Пит замечал это повсюду — в пекарне, где разговоры стали осторожнее и суше, где покупатели дольше задерживались у прилавка, словно им хотелось убедиться, что привычный порядок ещё держится; на улицах, где люди реже смотрели друг другу в глаза; в школе, где учителя, соблюдая формальности, повторяли одни и те же фразы о долге и традициях, не вкладывая в них ни малейшего смысла. Всё это было не ново, но теперь Пит смотрел на происходящее иначе, не изнутри привычного страха, а словно со стороны, выстраивая в голове структуру происходящего, отделяя внешний ритуал от его реального назначения.

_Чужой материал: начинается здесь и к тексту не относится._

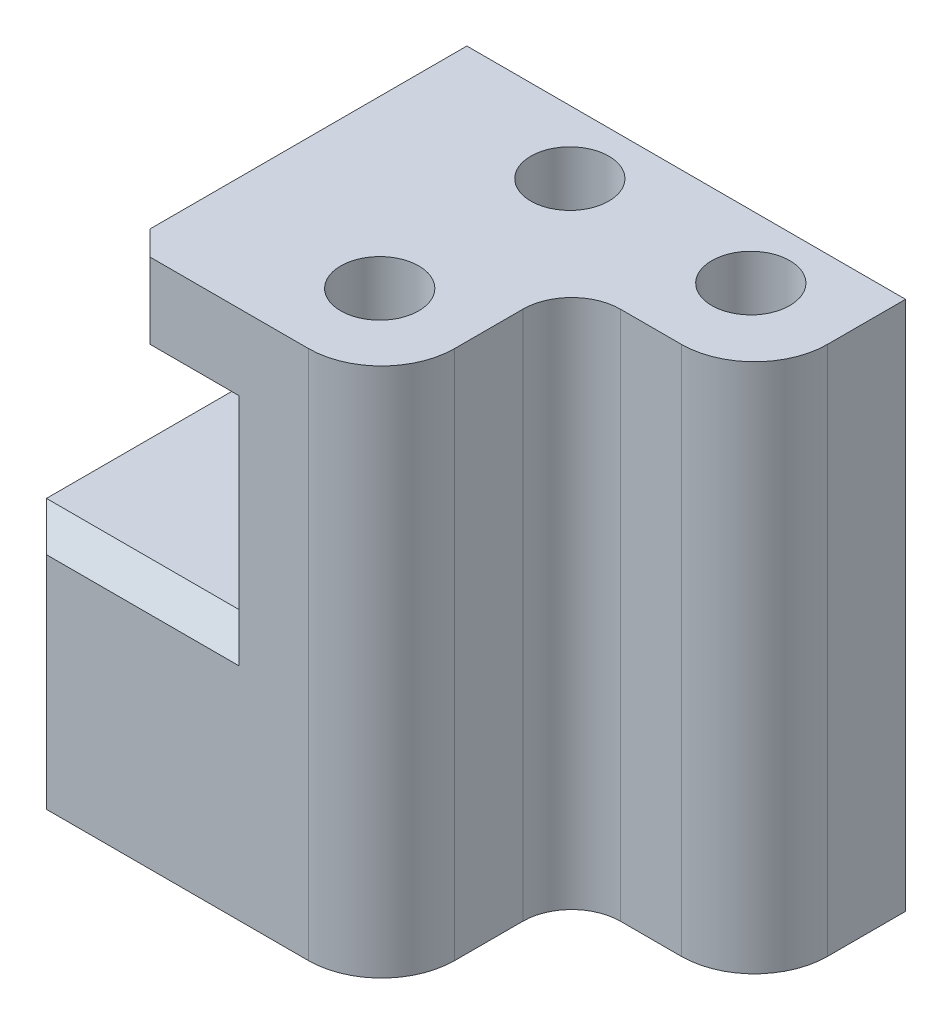
ISO-10303-21;
HEADER;
FILE_DESCRIPTION(('STEP AP214'),'2;1');
FILE_NAME('part.step','',(''),(''),'','','');
FILE_SCHEMA(('AUTOMOTIVE_DESIGN { 1 0 10303 214 1 1 1 1 }'));
ENDSEC;
DATA;
#1=APPLICATION_CONTEXT('core data for automotive mechanical design processes');
#2=APPLICATION_PROTOCOL_DEFINITION('international standard','automotive_design',2000,#1);
#3=PRODUCT_CONTEXT('',#1,'mechanical');
#4=PRODUCT('Part','Part','',(#3));
#5=PRODUCT_RELATED_PRODUCT_CATEGORY('part','',(#4));
#6=PRODUCT_DEFINITION_FORMATION('','',#4);
#7=PRODUCT_DEFINITION_CONTEXT('part definition',#1,'design');
#8=PRODUCT_DEFINITION('design','',#6,#7);
#9=PRODUCT_DEFINITION_SHAPE('','',#8);
#10=(LENGTH_UNIT() NAMED_UNIT(*) SI_UNIT(.MILLI.,.METRE.));
#11=(NAMED_UNIT(*) PLANE_ANGLE_UNIT() SI_UNIT($,.RADIAN.));
#12=(NAMED_UNIT(*) SI_UNIT($,.STERADIAN.) SOLID_ANGLE_UNIT());
#13=UNCERTAINTY_MEASURE_WITH_UNIT(LENGTH_MEASURE(1.E-05),#10,'distance_accuracy_value','');
#14=(GEOMETRIC_REPRESENTATION_CONTEXT(3) GLOBAL_UNCERTAINTY_ASSIGNED_CONTEXT((#13)) GLOBAL_UNIT_ASSIGNED_CONTEXT((#10,
#11,#12)) REPRESENTATION_CONTEXT('',''));
#15=CARTESIAN_POINT('',(0.,0.,0.));
#16=DIRECTION('',(0.,0.,1.));
#17=DIRECTION('',(1.,0.,0.));
#18=AXIS2_PLACEMENT_3D('',#15,#16,#17);
#19=CARTESIAN_POINT('',(-14.75,0.,15.));
#20=DIRECTION('',(0.,1.,0.));
#21=DIRECTION('',(0.,0.,1.));
#22=AXIS2_PLACEMENT_3D('',#19,#20,#21);
#23=PLANE('',#22);
#24=CARTESIAN_POINT('',(-3.67499999999998,0.,3.6));
#25=DIRECTION('',(0.,1.,0.));
#26=DIRECTION('',(0.,0.,1.));
#27=AXIS2_PLACEMENT_3D('',#24,#25,#26);
#28=CIRCLE('',#27,1.6);
#29=CARTESIAN_POINT('',(-3.67499999999998,0.,5.2));
#30=VERTEX_POINT('',#29);
#31=EDGE_CURVE('E356',#30,#30,#28,.F.);
#32=ORIENTED_EDGE('',*,*,#31,.F.);
#33=EDGE_LOOP('',(#32));
#34=FACE_BOUND('',#33,.T.);
#35=CARTESIAN_POINT('',(-3.67499999999998,0.,11.4));
#36=DIRECTION('',(0.,1.,0.));
#37=DIRECTION('',(0.,0.,1.));
#38=AXIS2_PLACEMENT_3D('',#35,#36,#37);
#39=CIRCLE('',#38,1.6);
#40=CARTESIAN_POINT('',(-3.67499999999998,0.,13.));
#41=VERTEX_POINT('',#40);
#42=EDGE_CURVE('E357',#41,#41,#39,.F.);
#43=ORIENTED_EDGE('',*,*,#42,.F.);
#44=EDGE_LOOP('',(#43));
#45=FACE_BOUND('',#44,.T.);
#46=DIRECTION('',(1.,0.,0.));
#47=VECTOR('',#46,1.);
#48=CARTESIAN_POINT('',(-14.75,0.,15.));
#49=LINE('',#48,#47);
#50=CARTESIAN_POINT('',(-13.75,0.,15.));
#51=VERTEX_POINT('',#50);
#52=CARTESIAN_POINT('',(-3.,0.,15.));
#53=VERTEX_POINT('',#52);
#54=EDGE_CURVE('E354',#51,#53,#49,.T.);
#55=ORIENTED_EDGE('',*,*,#54,.F.);
#56=DIRECTION('',(-0.707106781186546,0.,-0.707106781186549));
#57=VECTOR('',#56,1.);
#58=CARTESIAN_POINT('',(-13.75,0.,15.));
#59=LINE('',#58,#57);
#60=CARTESIAN_POINT('',(-14.75,0.,14.));
#61=VERTEX_POINT('',#60);
#62=EDGE_CURVE('E297',#51,#61,#59,.T.);
#63=ORIENTED_EDGE('',*,*,#62,.T.);
#64=DIRECTION('',(0.,0.,-1.));
#65=VECTOR('',#64,1.);
#66=CARTESIAN_POINT('',(-14.75,0.,15.));
#67=LINE('',#66,#65);
#68=CARTESIAN_POINT('',(-14.75,0.,0.999999999999997));
#69=VERTEX_POINT('',#68);
#70=EDGE_CURVE('E350',#61,#69,#67,.T.);
#71=ORIENTED_EDGE('',*,*,#70,.T.);
#72=DIRECTION('',(1.,0.,0.));
#73=VECTOR('',#72,1.);
#74=CARTESIAN_POINT('',(-14.75,0.,0.999999999999997));
#75=LINE('',#74,#73);
#76=CARTESIAN_POINT('',(7.50000000000001,0.,0.999999999999997));
#77=VERTEX_POINT('',#76);
#78=EDGE_CURVE('E261',#69,#77,#75,.T.);
#79=ORIENTED_EDGE('',*,*,#78,.T.);
#80=DIRECTION('',(0.,0.,1.));
#81=VECTOR('',#80,1.);
#82=CARTESIAN_POINT('',(7.50000000000001,0.,7.2));
#83=LINE('',#82,#81);
#84=CARTESIAN_POINT('',(7.50000000000001,0.,4.2));
#85=VERTEX_POINT('',#84);
#86=EDGE_CURVE('E373',#77,#85,#83,.T.);
#87=ORIENTED_EDGE('',*,*,#86,.T.);
#88=CARTESIAN_POINT('',(4.50000000000001,0.,4.2));
#89=DIRECTION('',(0.,1.,0.));
#90=DIRECTION('',(0.,0.,1.));
#91=AXIS2_PLACEMENT_3D('',#88,#89,#90);
#92=CIRCLE('',#91,3.);
#93=CARTESIAN_POINT('',(4.50000000000002,0.,7.2));
#94=VERTEX_POINT('',#93);
#95=EDGE_CURVE('E213',#85,#94,#92,.F.);
#96=ORIENTED_EDGE('',*,*,#95,.T.);
#97=DIRECTION('',(-1.,0.,0.));
#98=VECTOR('',#97,1.);
#99=CARTESIAN_POINT('',(7.50000000000002,0.,7.2));
#100=LINE('',#99,#98);
#101=CARTESIAN_POINT('',(2.,0.,7.2));
#102=VERTEX_POINT('',#101);
#103=EDGE_CURVE('E191',#94,#102,#100,.T.);
#104=ORIENTED_EDGE('',*,*,#103,.T.);
#105=CARTESIAN_POINT('',(2.,0.,9.2));
#106=DIRECTION('',(0.,1.,0.));
#107=DIRECTION('',(0.,0.,1.));
#108=AXIS2_PLACEMENT_3D('',#105,#106,#107);
#109=CIRCLE('',#108,2.);
#110=CARTESIAN_POINT('',(0.,0.,9.2));
#111=VERTEX_POINT('',#110);
#112=EDGE_CURVE('E187',#102,#111,#109,.T.);
#113=ORIENTED_EDGE('',*,*,#112,.T.);
#114=DIRECTION('',(0.,0.,-1.));
#115=VECTOR('',#114,1.);
#116=CARTESIAN_POINT('',(0.,0.,15.));
#117=LINE('',#116,#115);
#118=CARTESIAN_POINT('',(0.,0.,12.));
#119=VERTEX_POINT('',#118);
#120=EDGE_CURVE('E173',#119,#111,#117,.T.);
#121=ORIENTED_EDGE('',*,*,#120,.F.);
#122=CARTESIAN_POINT('',(-3.,0.,12.));
#123=DIRECTION('',(0.,1.,0.));
#124=DIRECTION('',(0.,0.,1.));
#125=AXIS2_PLACEMENT_3D('',#122,#123,#124);
#126=CIRCLE('',#125,3.);
#127=EDGE_CURVE('E215',#119,#53,#126,.F.);
#128=ORIENTED_EDGE('',*,*,#127,.T.);
#129=EDGE_LOOP('',(#55,#63,#71,#79,#87,#96,#104,#113,#121,#128));
#130=FACE_BOUND('',#129,.T.);
#131=CARTESIAN_POINT('',(3.75000000000001,0.,3.6));
#132=DIRECTION('',(0.,1.,0.));
#133=DIRECTION('',(0.,0.,1.));
#134=AXIS2_PLACEMENT_3D('',#131,#132,#133);
#135=CIRCLE('',#134,1.6);
#136=CARTESIAN_POINT('',(3.75000000000001,0.,5.2));
#137=VERTEX_POINT('',#136);
#138=EDGE_CURVE('E364',#137,#137,#135,.F.);
#139=ORIENTED_EDGE('',*,*,#138,.F.);
#140=EDGE_LOOP('',(#139));
#141=FACE_BOUND('',#140,.T.);
#142=ADVANCED_FACE('F35',(#34,#45,#130,#141),#23,.F.);
#143=CARTESIAN_POINT('',(0.,0.,15.));
#144=DIRECTION('',(-1.,0.,0.));
#145=DIRECTION('',(0.,0.,1.));
#146=AXIS2_PLACEMENT_3D('',#143,#144,#145);
#147=PLANE('',#146);
#148=DIRECTION('',(0.,0.,-1.));
#149=VECTOR('',#148,1.);
#150=CARTESIAN_POINT('',(0.,21.75,15.));
#151=LINE('',#150,#149);
#152=CARTESIAN_POINT('',(0.,21.75,12.));
#153=VERTEX_POINT('',#152);
#154=CARTESIAN_POINT('',(0.,21.75,9.2));
#155=VERTEX_POINT('',#154);
#156=EDGE_CURVE('E184',#153,#155,#151,.T.);
#157=ORIENTED_EDGE('',*,*,#156,.F.);
#158=DIRECTION('',(0.,1.,0.));
#159=VECTOR('',#158,1.);
#160=CARTESIAN_POINT('',(0.,0.,12.));
#161=LINE('',#160,#159);
#162=EDGE_CURVE('E180',#153,#119,#161,.F.);
#163=ORIENTED_EDGE('',*,*,#162,.T.);
#164=ORIENTED_EDGE('',*,*,#120,.T.);
#165=DIRECTION('',(0.,1.,0.));
#166=VECTOR('',#165,1.);
#167=CARTESIAN_POINT('',(0.,0.,9.2));
#168=LINE('',#167,#166);
#169=EDGE_CURVE('E178',#111,#155,#168,.T.);
#170=ORIENTED_EDGE('',*,*,#169,.T.);
#171=EDGE_LOOP('',(#157,#163,#164,#170));
#172=FACE_BOUND('',#171,.T.);
#173=ADVANCED_FACE('F176',(#172),#147,.F.);
#174=CARTESIAN_POINT('',(0.,21.75,15.));
#175=DIRECTION('',(0.,-1.,0.));
#176=DIRECTION('',(1.,0.,0.));
#177=AXIS2_PLACEMENT_3D('',#174,#175,#176);
#178=PLANE('',#177);
#179=CARTESIAN_POINT('',(-3.67499999999999,21.75,3.6));
#180=DIRECTION('',(0.,1.,0.));
#181=DIRECTION('',(-1.,0.,0.));
#182=AXIS2_PLACEMENT_3D('',#179,#180,#181);
#183=CIRCLE('',#182,1.6);
#184=CARTESIAN_POINT('',(-5.27499999999999,21.75,3.6));
#185=VERTEX_POINT('',#184);
#186=EDGE_CURVE('E360',#185,#185,#183,.T.);
#187=ORIENTED_EDGE('',*,*,#186,.F.);
#188=EDGE_LOOP('',(#187));
#189=FACE_BOUND('',#188,.T.);
#190=CARTESIAN_POINT('',(-3.67499999999999,21.75,11.4));
#191=DIRECTION('',(0.,1.,0.));
#192=DIRECTION('',(-1.,0.,0.));
#193=AXIS2_PLACEMENT_3D('',#190,#191,#192);
#194=CIRCLE('',#193,1.6);
#195=CARTESIAN_POINT('',(-5.27499999999999,21.75,11.4));
#196=VERTEX_POINT('',#195);
#197=EDGE_CURVE('E361',#196,#196,#194,.T.);
#198=ORIENTED_EDGE('',*,*,#197,.F.);
#199=EDGE_LOOP('',(#198));
#200=FACE_BOUND('',#199,.T.);
#201=DIRECTION('',(0.,0.,-1.));
#202=VECTOR('',#201,1.);
#203=CARTESIAN_POINT('',(-10.5,21.75,15.));
#204=LINE('',#203,#202);
#205=CARTESIAN_POINT('',(-10.5,21.75,14.));
#206=VERTEX_POINT('',#205);
#207=CARTESIAN_POINT('',(-10.5,21.75,0.999999999999997));
#208=VERTEX_POINT('',#207);
#209=EDGE_CURVE('E331',#206,#208,#204,.T.);
#210=ORIENTED_EDGE('',*,*,#209,.F.);
#211=DIRECTION('',(0.707106781186545,0.,0.707106781186549));
#212=VECTOR('',#211,1.);
#213=CARTESIAN_POINT('',(-9.49999999999999,21.75,15.));
#214=LINE('',#213,#212);
#215=CARTESIAN_POINT('',(-9.5,21.75,15.));
#216=VERTEX_POINT('',#215);
#217=EDGE_CURVE('E303',#206,#216,#214,.T.);
#218=ORIENTED_EDGE('',*,*,#217,.T.);
#219=DIRECTION('',(-1.,0.,0.));
#220=VECTOR('',#219,1.);
#221=CARTESIAN_POINT('',(0.,21.75,15.));
#222=LINE('',#221,#220);
#223=CARTESIAN_POINT('',(-3.,21.75,15.));
#224=VERTEX_POINT('',#223);
#225=EDGE_CURVE('E352',#224,#216,#222,.T.);
#226=ORIENTED_EDGE('',*,*,#225,.F.);
#227=CARTESIAN_POINT('',(-3.,21.75,12.));
#228=DIRECTION('',(0.,-1.,0.));
#229=DIRECTION('',(1.,0.,0.));
#230=AXIS2_PLACEMENT_3D('',#227,#228,#229);
#231=CIRCLE('',#230,3.);
#232=EDGE_CURVE('E210',#224,#153,#231,.F.);
#233=ORIENTED_EDGE('',*,*,#232,.T.);
#234=ORIENTED_EDGE('',*,*,#156,.T.);
#235=CARTESIAN_POINT('',(2.,21.75,9.2));
#236=DIRECTION('',(0.,-1.,0.));
#237=DIRECTION('',(1.,0.,0.));
#238=AXIS2_PLACEMENT_3D('',#235,#236,#237);
#239=CIRCLE('',#238,2.);
#240=CARTESIAN_POINT('',(2.,21.75,7.2));
#241=VERTEX_POINT('',#240);
#242=EDGE_CURVE('E196',#155,#241,#239,.T.);
#243=ORIENTED_EDGE('',*,*,#242,.T.);
#244=DIRECTION('',(1.,0.,0.));
#245=VECTOR('',#244,1.);
#246=CARTESIAN_POINT('',(7.50000000000001,21.75,7.2));
#247=LINE('',#246,#245);
#248=CARTESIAN_POINT('',(4.50000000000001,21.75,7.2));
#249=VERTEX_POINT('',#248);
#250=EDGE_CURVE('E374',#241,#249,#247,.T.);
#251=ORIENTED_EDGE('',*,*,#250,.T.);
#252=CARTESIAN_POINT('',(4.50000000000001,21.75,4.2));
#253=DIRECTION('',(0.,-1.,0.));
#254=DIRECTION('',(1.,0.,0.));
#255=AXIS2_PLACEMENT_3D('',#252,#253,#254);
#256=CIRCLE('',#255,3.);
#257=CARTESIAN_POINT('',(7.50000000000001,21.75,4.2));
#258=VERTEX_POINT('',#257);
#259=EDGE_CURVE('E208',#249,#258,#256,.F.);
#260=ORIENTED_EDGE('',*,*,#259,.T.);
#261=DIRECTION('',(0.,0.,-1.));
#262=VECTOR('',#261,1.);
#263=CARTESIAN_POINT('',(7.50000000000001,21.75,7.2));
#264=LINE('',#263,#262);
#265=CARTESIAN_POINT('',(7.50000000000001,21.75,0.999999999999999));
#266=VERTEX_POINT('',#265);
#267=EDGE_CURVE('E371',#258,#266,#264,.T.);
#268=ORIENTED_EDGE('',*,*,#267,.T.);
#269=DIRECTION('',(-1.,0.,0.));
#270=VECTOR('',#269,1.);
#271=CARTESIAN_POINT('',(0.,21.75,0.999999999999997));
#272=LINE('',#271,#270);
#273=EDGE_CURVE('E243',#266,#208,#272,.T.);
#274=ORIENTED_EDGE('',*,*,#273,.T.);
#275=EDGE_LOOP('',(#210,#218,#226,#233,#234,#243,#251,#260,#268,#274));
#276=FACE_BOUND('',#275,.T.);
#277=CARTESIAN_POINT('',(3.75000000000001,21.75,3.6));
#278=DIRECTION('',(0.,1.,0.));
#279=DIRECTION('',(-1.,0.,0.));
#280=AXIS2_PLACEMENT_3D('',#277,#278,#279);
#281=CIRCLE('',#280,1.6);
#282=CARTESIAN_POINT('',(2.15000000000001,21.75,3.6));
#283=VERTEX_POINT('',#282);
#284=EDGE_CURVE('E286',#283,#283,#281,.T.);
#285=ORIENTED_EDGE('',*,*,#284,.F.);
#286=EDGE_LOOP('',(#285));
#287=FACE_BOUND('',#286,.T.);
#288=ADVANCED_FACE('F334',(#189,#200,#276,#287),#178,.F.);
#289=CARTESIAN_POINT('',(-10.5,21.75,15.));
#290=DIRECTION('',(1.,0.,0.));
#291=DIRECTION('',(0.,1.,0.));
#292=AXIS2_PLACEMENT_3D('',#289,#290,#291);
#293=PLANE('',#292);
#294=DIRECTION('',(0.,0.,-1.));
#295=VECTOR('',#294,1.);
#296=CARTESIAN_POINT('',(-10.5,17.65,15.));
#297=LINE('',#296,#295);
#298=CARTESIAN_POINT('',(-10.5,17.65,14.));
#299=VERTEX_POINT('',#298);
#300=CARTESIAN_POINT('',(-10.5,17.65,0.999999999999997));
#301=VERTEX_POINT('',#300);
#302=EDGE_CURVE('E332',#299,#301,#297,.T.);
#303=ORIENTED_EDGE('',*,*,#302,.F.);
#304=DIRECTION('',(0.,1.,0.));
#305=VECTOR('',#304,1.);
#306=CARTESIAN_POINT('',(-10.5,21.75,14.));
#307=LINE('',#306,#305);
#308=EDGE_CURVE('E301',#299,#206,#307,.T.);
#309=ORIENTED_EDGE('',*,*,#308,.T.);
#310=ORIENTED_EDGE('',*,*,#209,.T.);
#311=DIRECTION('',(0.,-1.,0.));
#312=VECTOR('',#311,1.);
#313=CARTESIAN_POINT('',(-10.5,21.75,0.999999999999997));
#314=LINE('',#313,#312);
#315=EDGE_CURVE('E246',#208,#301,#314,.T.);
#316=ORIENTED_EDGE('',*,*,#315,.T.);
#317=EDGE_LOOP('',(#303,#309,#310,#316));
#318=FACE_BOUND('',#317,.T.);
#319=ADVANCED_FACE('F330',(#318),#293,.F.);
#320=CARTESIAN_POINT('',(-10.5,17.65,15.));
#321=DIRECTION('',(0.,1.,0.));
#322=DIRECTION('',(0.,0.,1.));
#323=AXIS2_PLACEMENT_3D('',#320,#321,#322);
#324=PLANE('',#323);
#325=DIRECTION('',(0.,0.,-1.));
#326=VECTOR('',#325,1.);
#327=CARTESIAN_POINT('',(-6.85,17.65,15.));
#328=LINE('',#327,#326);
#329=CARTESIAN_POINT('',(-6.85,17.65,14.));
#330=VERTEX_POINT('',#329);
#331=CARTESIAN_POINT('',(-6.85,17.65,0.999999999999997));
#332=VERTEX_POINT('',#331);
#333=EDGE_CURVE('E342',#330,#332,#328,.T.);
#334=ORIENTED_EDGE('',*,*,#333,.F.);
#335=DIRECTION('',(-1.,0.,0.));
#336=VECTOR('',#335,1.);
#337=CARTESIAN_POINT('',(-10.5,17.65,14.));
#338=LINE('',#337,#336);
#339=EDGE_CURVE('E11',#330,#299,#338,.T.);
#340=ORIENTED_EDGE('',*,*,#339,.T.);
#341=ORIENTED_EDGE('',*,*,#302,.T.);
#342=DIRECTION('',(1.,0.,0.));
#343=VECTOR('',#342,1.);
#344=CARTESIAN_POINT('',(-10.5,17.65,0.999999999999997));
#345=LINE('',#344,#343);
#346=EDGE_CURVE('E249',#301,#332,#345,.T.);
#347=ORIENTED_EDGE('',*,*,#346,.T.);
#348=EDGE_LOOP('',(#334,#340,#341,#347));
#349=FACE_BOUND('',#348,.T.);
#350=ADVANCED_FACE('F534',(#349),#324,.F.);
#351=CARTESIAN_POINT('',(-6.85,17.65,15.));
#352=DIRECTION('',(1.,0.,0.));
#353=DIRECTION('',(0.,1.,0.));
#354=AXIS2_PLACEMENT_3D('',#351,#352,#353);
#355=PLANE('',#354);
#356=DIRECTION('',(0.,0.,-1.));
#357=VECTOR('',#356,1.);
#358=CARTESIAN_POINT('',(-6.85,10.05,15.));
#359=LINE('',#358,#357);
#360=CARTESIAN_POINT('',(-6.85,10.05,14.));
#361=VERTEX_POINT('',#360);
#362=CARTESIAN_POINT('',(-6.85,10.05,0.999999999999997));
#363=VERTEX_POINT('',#362);
#364=EDGE_CURVE('E346',#361,#363,#359,.T.);
#365=ORIENTED_EDGE('',*,*,#364,.F.);
#366=DIRECTION('',(0.,1.,0.));
#367=VECTOR('',#366,1.);
#368=CARTESIAN_POINT('',(-6.85,17.65,14.));
#369=LINE('',#368,#367);
#370=EDGE_CURVE('E44',#361,#330,#369,.T.);
#371=ORIENTED_EDGE('',*,*,#370,.T.);
#372=ORIENTED_EDGE('',*,*,#333,.T.);
#373=DIRECTION('',(0.,-1.,0.));
#374=VECTOR('',#373,1.);
#375=CARTESIAN_POINT('',(-6.85,17.65,0.999999999999997));
#376=LINE('',#375,#374);
#377=EDGE_CURVE('E252',#332,#363,#376,.T.);
#378=ORIENTED_EDGE('',*,*,#377,.T.);
#379=EDGE_LOOP('',(#365,#371,#372,#378));
#380=FACE_BOUND('',#379,.T.);
#381=ADVANCED_FACE('F525',(#380),#355,.F.);
#382=CARTESIAN_POINT('',(-6.85,10.05,15.));
#383=DIRECTION('',(0.,-1.,0.));
#384=DIRECTION('',(1.,0.,0.));
#385=AXIS2_PLACEMENT_3D('',#382,#383,#384);
#386=PLANE('',#385);
#387=DIRECTION('',(0.,0.,-1.));
#388=VECTOR('',#387,1.);
#389=CARTESIAN_POINT('',(-14.75,10.05,15.));
#390=LINE('',#389,#388);
#391=CARTESIAN_POINT('',(-14.75,10.05,14.));
#392=VERTEX_POINT('',#391);
#393=CARTESIAN_POINT('',(-14.75,10.05,0.999999999999997));
#394=VERTEX_POINT('',#393);
#395=EDGE_CURVE('E348',#392,#394,#390,.T.);
#396=ORIENTED_EDGE('',*,*,#395,.F.);
#397=DIRECTION('',(1.,0.,0.));
#398=VECTOR('',#397,1.);
#399=CARTESIAN_POINT('',(-6.85,10.05,14.));
#400=LINE('',#399,#398);
#401=EDGE_CURVE('E59',#392,#361,#400,.T.);
#402=ORIENTED_EDGE('',*,*,#401,.T.);
#403=ORIENTED_EDGE('',*,*,#364,.T.);
#404=DIRECTION('',(-1.,0.,0.));
#405=VECTOR('',#404,1.);
#406=CARTESIAN_POINT('',(-6.85,10.05,0.999999999999997));
#407=LINE('',#406,#405);
#408=EDGE_CURVE('E255',#363,#394,#407,.T.);
#409=ORIENTED_EDGE('',*,*,#408,.T.);
#410=EDGE_LOOP('',(#396,#402,#403,#409));
#411=FACE_BOUND('',#410,.T.);
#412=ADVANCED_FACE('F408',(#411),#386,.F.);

Он довольно быстро понял, что его поведение в эти дни имеет значение не меньше, чем само имя, написанное на бумажке в стеклянном шаре. Любое чрезмерное напряжение, любая попытка дистанцироваться или, наоборот, выглядеть слишком спокойным могла вызвать вопросы, а вопросы в Дистрикте 12 никогда не оставались просто вопросами. Семья знала Пита всю его жизнь, знала его привычки, интонации, реакции, и чем больше он менялся внутренне, тем важнее становилось не дать этим изменениям проступить наружу слишком явно. Принятие Жатвы — не как приговора, а как возможного исхода — позволяло ему оставаться в рамках ожидаемого, не выделяться, не заставлять родных пристально всматриваться в него и искать объяснения тому, что объяснять он пока не был готов.
Но это было лишь началом логической цепочки.
Чем больше Пит наблюдал за окружающим миром, тем яснее становилось, что Голодные игры — это не только инструмент запугивания, но и один из немногих работающих механизмов социального перемещения внутри Панема. Даже здесь, в самом бедном дистрикте, победителей помнили, их имена не растворялись в общей массе, их семьи получали пусть ограниченные, но реальные преимущества. В мире, где статус определял доступ к еде, безопасности и информации, Игры становились жестоким, но действенным лифтом, поднимающим тех немногих, кому удавалось выжить, на уровень, недоступный для остальных. Оставаться просто сыном пекаря означало принять заранее очерченный маршрут жизни, в котором почти не было пространства для манёвра, тогда как участие в Играх, независимо от исхода, делало человека заметным, а заметность в Панеме была формой власти.